**WORK TO COMPLETE:** Could you print exactly the lines of the listing below, starting at the line that has "M_D/1 -> Equations of motion/8(M_D)" and ending at the line that has "tauBody/1 -> Equations of motion/6(tauBody)", and only those lines?
┌──
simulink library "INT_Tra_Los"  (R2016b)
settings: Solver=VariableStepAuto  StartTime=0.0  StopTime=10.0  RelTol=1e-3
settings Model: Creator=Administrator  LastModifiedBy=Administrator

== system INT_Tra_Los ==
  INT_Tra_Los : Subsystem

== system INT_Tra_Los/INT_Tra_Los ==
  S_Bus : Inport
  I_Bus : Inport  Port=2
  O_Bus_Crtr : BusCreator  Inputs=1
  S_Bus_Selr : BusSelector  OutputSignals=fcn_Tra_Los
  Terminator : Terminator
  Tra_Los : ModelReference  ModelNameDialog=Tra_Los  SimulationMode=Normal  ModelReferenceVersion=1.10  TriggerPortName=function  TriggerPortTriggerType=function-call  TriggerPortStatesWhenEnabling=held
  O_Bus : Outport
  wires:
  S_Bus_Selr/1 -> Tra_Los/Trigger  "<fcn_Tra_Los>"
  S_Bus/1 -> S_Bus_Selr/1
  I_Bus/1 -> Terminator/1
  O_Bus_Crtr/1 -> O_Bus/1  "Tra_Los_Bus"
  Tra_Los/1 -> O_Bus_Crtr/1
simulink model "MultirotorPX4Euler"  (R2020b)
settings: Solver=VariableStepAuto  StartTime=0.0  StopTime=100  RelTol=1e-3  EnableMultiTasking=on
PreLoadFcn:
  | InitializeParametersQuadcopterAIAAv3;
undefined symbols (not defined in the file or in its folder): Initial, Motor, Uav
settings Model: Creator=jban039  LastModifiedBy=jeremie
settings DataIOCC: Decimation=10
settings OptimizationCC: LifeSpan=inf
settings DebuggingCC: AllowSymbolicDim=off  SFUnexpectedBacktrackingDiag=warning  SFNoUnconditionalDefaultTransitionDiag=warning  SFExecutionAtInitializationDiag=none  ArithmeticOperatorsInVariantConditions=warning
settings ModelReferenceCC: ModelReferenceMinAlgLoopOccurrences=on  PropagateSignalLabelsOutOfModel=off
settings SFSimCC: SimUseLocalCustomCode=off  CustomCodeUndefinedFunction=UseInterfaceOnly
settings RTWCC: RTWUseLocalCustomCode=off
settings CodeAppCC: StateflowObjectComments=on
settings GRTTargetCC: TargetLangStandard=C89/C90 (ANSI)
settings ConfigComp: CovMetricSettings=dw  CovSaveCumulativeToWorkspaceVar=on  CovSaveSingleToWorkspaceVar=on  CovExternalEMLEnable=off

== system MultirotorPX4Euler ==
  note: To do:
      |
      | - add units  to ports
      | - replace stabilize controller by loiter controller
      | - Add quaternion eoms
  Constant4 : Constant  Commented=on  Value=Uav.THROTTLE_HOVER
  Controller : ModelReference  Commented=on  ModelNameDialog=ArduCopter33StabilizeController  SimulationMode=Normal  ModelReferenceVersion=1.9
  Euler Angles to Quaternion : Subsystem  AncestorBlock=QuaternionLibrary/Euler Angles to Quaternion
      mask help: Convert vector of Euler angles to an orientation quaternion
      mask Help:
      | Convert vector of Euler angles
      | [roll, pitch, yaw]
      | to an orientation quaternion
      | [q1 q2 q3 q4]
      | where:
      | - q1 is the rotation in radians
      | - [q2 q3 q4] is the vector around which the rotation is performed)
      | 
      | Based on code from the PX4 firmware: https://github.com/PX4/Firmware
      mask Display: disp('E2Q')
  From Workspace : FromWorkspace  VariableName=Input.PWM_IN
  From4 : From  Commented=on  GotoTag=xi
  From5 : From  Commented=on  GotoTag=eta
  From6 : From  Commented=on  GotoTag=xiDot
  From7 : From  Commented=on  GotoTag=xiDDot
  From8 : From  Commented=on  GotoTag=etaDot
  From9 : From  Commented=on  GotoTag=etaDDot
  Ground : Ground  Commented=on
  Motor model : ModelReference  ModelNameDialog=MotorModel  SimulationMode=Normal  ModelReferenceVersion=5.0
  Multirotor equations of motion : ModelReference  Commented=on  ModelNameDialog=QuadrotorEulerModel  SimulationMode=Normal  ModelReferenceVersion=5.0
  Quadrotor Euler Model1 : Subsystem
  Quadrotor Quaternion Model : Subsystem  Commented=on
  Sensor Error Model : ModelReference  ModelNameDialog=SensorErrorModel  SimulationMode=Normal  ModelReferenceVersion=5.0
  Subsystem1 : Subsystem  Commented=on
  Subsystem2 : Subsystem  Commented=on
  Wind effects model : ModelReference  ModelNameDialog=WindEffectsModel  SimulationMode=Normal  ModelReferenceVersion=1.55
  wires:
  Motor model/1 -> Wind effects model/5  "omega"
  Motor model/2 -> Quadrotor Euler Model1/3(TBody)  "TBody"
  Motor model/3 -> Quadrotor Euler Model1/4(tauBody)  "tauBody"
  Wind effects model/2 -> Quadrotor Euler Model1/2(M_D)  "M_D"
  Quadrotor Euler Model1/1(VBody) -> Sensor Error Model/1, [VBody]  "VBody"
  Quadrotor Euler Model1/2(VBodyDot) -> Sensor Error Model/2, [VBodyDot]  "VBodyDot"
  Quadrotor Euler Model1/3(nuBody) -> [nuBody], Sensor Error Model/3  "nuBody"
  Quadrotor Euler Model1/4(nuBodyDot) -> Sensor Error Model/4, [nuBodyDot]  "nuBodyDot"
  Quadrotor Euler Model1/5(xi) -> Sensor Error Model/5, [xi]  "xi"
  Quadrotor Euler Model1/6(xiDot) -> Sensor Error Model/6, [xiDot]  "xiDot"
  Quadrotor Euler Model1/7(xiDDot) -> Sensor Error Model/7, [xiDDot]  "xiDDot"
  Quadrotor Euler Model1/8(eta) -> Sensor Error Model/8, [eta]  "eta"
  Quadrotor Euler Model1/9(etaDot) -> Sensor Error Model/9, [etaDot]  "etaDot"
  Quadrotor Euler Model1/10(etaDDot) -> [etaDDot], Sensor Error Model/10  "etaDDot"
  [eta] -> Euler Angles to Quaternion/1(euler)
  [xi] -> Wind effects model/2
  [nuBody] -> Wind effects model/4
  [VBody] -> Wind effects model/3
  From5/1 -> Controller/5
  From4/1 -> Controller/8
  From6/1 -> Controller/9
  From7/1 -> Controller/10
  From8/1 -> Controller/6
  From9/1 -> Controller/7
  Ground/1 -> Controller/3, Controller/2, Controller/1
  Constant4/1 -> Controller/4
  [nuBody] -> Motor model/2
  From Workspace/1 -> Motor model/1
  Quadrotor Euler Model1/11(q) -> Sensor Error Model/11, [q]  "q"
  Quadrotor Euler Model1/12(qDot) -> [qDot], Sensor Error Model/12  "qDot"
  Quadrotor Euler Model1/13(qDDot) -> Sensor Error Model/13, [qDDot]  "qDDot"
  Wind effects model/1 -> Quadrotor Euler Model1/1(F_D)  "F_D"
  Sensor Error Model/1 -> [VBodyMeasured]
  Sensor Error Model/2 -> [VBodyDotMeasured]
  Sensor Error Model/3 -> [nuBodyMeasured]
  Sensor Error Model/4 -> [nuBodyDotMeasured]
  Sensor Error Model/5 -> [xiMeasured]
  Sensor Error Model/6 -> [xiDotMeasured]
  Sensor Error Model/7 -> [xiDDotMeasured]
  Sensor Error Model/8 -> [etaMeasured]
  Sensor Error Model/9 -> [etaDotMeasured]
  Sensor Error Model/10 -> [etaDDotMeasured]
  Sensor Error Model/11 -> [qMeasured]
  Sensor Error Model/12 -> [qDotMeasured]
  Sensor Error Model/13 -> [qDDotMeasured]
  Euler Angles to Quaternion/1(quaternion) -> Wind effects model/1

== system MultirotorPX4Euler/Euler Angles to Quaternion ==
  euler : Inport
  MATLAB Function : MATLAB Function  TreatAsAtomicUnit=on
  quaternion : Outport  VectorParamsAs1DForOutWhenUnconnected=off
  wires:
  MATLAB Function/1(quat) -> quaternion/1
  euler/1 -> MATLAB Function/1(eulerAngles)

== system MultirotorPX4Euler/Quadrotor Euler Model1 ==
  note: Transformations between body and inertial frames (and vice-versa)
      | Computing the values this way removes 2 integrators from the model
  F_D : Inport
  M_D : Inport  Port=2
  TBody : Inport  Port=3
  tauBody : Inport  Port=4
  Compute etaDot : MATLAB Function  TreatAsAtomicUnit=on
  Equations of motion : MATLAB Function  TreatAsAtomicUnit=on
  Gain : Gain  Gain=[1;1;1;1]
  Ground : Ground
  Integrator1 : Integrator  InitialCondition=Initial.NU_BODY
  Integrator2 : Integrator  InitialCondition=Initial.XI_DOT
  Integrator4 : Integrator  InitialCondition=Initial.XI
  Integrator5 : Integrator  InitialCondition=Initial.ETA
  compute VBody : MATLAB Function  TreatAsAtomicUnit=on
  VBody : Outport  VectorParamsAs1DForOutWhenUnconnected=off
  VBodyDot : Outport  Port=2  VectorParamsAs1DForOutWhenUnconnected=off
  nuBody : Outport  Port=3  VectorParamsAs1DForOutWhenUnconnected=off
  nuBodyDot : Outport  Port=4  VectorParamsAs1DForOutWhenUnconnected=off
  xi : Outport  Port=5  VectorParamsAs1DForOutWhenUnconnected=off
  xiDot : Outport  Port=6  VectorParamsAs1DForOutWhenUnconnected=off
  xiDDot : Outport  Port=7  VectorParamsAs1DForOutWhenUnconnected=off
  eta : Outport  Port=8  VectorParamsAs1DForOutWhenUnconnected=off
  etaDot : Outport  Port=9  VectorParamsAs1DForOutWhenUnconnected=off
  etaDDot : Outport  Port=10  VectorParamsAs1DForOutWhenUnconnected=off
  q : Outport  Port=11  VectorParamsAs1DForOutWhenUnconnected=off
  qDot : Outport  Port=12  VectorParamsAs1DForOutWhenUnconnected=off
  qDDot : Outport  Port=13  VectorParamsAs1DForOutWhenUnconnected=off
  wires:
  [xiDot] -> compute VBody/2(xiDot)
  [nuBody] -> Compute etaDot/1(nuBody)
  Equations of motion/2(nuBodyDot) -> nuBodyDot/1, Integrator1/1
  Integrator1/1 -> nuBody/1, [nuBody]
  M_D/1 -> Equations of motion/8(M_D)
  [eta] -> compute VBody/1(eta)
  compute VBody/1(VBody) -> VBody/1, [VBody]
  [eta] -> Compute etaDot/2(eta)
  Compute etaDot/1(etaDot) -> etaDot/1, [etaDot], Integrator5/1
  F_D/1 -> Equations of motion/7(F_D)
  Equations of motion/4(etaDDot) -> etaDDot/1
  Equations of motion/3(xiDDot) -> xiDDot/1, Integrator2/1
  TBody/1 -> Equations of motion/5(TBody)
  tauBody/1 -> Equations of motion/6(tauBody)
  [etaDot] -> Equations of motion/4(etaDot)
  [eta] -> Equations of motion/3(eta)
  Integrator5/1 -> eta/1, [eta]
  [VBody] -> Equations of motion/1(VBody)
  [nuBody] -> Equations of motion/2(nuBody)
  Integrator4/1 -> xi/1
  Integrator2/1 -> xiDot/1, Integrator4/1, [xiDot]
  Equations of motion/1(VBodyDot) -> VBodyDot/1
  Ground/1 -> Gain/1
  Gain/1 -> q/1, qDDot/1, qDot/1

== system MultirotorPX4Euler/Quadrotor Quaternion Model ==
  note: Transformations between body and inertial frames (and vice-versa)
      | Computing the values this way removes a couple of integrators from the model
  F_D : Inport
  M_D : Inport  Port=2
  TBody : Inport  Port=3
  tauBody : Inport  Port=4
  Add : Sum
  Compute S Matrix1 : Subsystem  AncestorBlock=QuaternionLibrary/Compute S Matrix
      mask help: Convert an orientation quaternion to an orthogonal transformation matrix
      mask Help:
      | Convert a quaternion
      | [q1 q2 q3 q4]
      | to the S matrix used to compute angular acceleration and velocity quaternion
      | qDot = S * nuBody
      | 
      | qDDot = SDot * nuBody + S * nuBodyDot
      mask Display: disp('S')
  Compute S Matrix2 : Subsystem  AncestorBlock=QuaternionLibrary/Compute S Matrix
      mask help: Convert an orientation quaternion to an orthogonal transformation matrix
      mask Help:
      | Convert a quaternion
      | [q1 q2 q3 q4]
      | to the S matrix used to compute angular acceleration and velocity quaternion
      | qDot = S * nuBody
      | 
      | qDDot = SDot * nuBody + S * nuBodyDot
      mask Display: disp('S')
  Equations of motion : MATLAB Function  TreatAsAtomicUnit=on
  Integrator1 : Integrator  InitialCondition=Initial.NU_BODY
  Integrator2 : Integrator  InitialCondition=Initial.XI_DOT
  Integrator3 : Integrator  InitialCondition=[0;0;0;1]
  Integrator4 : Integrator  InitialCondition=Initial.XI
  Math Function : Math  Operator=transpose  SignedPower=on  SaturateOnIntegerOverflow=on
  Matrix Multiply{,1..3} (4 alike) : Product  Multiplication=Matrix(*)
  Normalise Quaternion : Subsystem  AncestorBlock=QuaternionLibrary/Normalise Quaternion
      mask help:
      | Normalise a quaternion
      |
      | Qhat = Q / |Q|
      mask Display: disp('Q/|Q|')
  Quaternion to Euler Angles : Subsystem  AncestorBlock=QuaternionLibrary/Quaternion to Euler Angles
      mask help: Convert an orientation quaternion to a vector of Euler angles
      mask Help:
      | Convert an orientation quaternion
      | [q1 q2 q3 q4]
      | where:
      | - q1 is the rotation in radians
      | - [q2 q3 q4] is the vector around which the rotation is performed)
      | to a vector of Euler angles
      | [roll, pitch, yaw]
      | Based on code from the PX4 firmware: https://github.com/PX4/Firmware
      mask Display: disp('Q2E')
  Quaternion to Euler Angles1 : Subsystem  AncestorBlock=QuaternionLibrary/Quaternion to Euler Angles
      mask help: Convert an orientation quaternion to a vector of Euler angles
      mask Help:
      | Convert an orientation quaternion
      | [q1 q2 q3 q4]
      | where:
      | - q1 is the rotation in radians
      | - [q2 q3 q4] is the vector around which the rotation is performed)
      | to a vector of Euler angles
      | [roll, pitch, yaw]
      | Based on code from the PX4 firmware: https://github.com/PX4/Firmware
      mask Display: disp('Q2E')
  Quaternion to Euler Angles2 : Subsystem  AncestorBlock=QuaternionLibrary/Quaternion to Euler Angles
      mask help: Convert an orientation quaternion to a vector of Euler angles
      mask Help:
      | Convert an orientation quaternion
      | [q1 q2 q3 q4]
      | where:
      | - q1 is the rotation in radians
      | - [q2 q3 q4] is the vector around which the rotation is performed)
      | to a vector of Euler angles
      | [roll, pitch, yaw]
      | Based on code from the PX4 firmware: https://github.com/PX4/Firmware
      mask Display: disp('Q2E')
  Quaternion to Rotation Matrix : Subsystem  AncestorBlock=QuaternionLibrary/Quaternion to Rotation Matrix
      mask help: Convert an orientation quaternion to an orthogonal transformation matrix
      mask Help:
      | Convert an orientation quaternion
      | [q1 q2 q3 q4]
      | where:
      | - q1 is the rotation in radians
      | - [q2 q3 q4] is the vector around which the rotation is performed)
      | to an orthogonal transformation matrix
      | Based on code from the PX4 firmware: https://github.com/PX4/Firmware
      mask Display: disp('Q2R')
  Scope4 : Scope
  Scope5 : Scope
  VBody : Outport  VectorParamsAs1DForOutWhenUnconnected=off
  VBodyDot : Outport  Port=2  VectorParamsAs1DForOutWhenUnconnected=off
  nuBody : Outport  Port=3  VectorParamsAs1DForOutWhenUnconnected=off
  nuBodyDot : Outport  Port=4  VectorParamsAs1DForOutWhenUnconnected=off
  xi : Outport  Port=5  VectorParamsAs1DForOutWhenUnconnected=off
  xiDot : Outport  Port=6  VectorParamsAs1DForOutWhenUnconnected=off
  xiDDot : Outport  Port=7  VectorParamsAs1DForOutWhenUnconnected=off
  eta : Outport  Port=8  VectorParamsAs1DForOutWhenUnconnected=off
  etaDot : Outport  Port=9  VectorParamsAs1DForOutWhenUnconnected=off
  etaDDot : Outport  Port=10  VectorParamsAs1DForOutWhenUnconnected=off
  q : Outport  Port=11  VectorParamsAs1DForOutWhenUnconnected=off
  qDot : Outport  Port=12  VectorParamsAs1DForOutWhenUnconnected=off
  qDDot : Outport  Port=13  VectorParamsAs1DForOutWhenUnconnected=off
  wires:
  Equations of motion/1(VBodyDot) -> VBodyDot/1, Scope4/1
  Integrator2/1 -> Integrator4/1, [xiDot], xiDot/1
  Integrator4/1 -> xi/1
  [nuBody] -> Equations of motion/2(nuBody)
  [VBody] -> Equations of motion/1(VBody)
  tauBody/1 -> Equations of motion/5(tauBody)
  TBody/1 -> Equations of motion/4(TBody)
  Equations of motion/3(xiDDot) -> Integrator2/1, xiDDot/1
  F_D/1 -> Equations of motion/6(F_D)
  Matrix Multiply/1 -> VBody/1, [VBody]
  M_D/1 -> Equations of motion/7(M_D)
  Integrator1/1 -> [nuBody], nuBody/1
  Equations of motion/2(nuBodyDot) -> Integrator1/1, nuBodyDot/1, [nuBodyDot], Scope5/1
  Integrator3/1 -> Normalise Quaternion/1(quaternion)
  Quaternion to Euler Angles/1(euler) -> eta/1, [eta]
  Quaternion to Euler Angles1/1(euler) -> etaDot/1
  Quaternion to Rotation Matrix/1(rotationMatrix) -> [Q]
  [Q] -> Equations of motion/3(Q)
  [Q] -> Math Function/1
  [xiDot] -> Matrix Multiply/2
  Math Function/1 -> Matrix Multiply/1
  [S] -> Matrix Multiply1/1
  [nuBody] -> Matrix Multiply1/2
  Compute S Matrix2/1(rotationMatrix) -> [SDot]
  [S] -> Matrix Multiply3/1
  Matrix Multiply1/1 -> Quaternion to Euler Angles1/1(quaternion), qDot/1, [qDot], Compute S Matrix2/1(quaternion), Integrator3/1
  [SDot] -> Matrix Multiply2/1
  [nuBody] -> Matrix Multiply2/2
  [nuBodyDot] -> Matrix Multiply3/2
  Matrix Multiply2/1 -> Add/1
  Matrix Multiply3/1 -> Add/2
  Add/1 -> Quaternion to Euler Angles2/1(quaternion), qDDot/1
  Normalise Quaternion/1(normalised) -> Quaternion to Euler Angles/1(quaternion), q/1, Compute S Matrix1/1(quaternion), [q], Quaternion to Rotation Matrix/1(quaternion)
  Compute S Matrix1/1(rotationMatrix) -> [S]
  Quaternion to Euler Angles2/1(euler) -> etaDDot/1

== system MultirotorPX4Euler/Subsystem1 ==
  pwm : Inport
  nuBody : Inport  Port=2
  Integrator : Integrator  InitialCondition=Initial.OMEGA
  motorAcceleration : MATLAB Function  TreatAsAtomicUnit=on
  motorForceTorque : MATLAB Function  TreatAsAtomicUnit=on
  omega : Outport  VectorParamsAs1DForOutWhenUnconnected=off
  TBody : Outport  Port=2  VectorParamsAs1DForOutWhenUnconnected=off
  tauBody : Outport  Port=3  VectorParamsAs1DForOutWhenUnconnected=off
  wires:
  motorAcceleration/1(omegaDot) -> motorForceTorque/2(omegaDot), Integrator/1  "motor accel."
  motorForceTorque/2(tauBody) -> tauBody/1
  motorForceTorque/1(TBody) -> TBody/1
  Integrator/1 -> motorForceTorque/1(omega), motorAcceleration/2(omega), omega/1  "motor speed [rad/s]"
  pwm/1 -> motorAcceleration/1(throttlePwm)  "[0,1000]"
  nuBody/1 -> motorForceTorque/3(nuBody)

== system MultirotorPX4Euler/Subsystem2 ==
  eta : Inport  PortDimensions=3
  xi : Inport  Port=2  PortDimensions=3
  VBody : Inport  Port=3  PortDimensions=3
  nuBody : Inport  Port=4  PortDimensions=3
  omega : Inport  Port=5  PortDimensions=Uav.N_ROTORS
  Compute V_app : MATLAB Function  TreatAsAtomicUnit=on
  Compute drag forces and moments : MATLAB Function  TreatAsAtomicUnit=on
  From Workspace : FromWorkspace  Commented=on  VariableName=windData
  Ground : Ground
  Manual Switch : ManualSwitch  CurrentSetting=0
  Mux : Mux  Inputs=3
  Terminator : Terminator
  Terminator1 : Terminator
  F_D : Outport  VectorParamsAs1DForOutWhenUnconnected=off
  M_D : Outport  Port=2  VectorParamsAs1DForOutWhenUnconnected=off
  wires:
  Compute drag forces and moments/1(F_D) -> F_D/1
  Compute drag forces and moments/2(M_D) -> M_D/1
└──
**RESULT OF THIS EXERCISE:**
  M_D/1 -> Equations of motion/8(M_D)
  [eta] -> compute VBody/1(eta)
  compute VBody/1(VBody) -> VBody/1, [VBody]
  [eta] -> Compute etaDot/2(eta)
  Compute etaDot/1(etaDot) -> etaDot/1, [etaDot], Integrator5/1
  F_D/1 -> Equations of motion/7(F_D)
  Equations of motion/4(etaDDot) -> etaDDot/1
  Equations of motion/3(xiDDot) -> xiDDot/1, Integrator2/1
  TBody/1 -> Equations of motion/5(TBody)
  tauBody/1 -> Equations of motion/6(tauBody)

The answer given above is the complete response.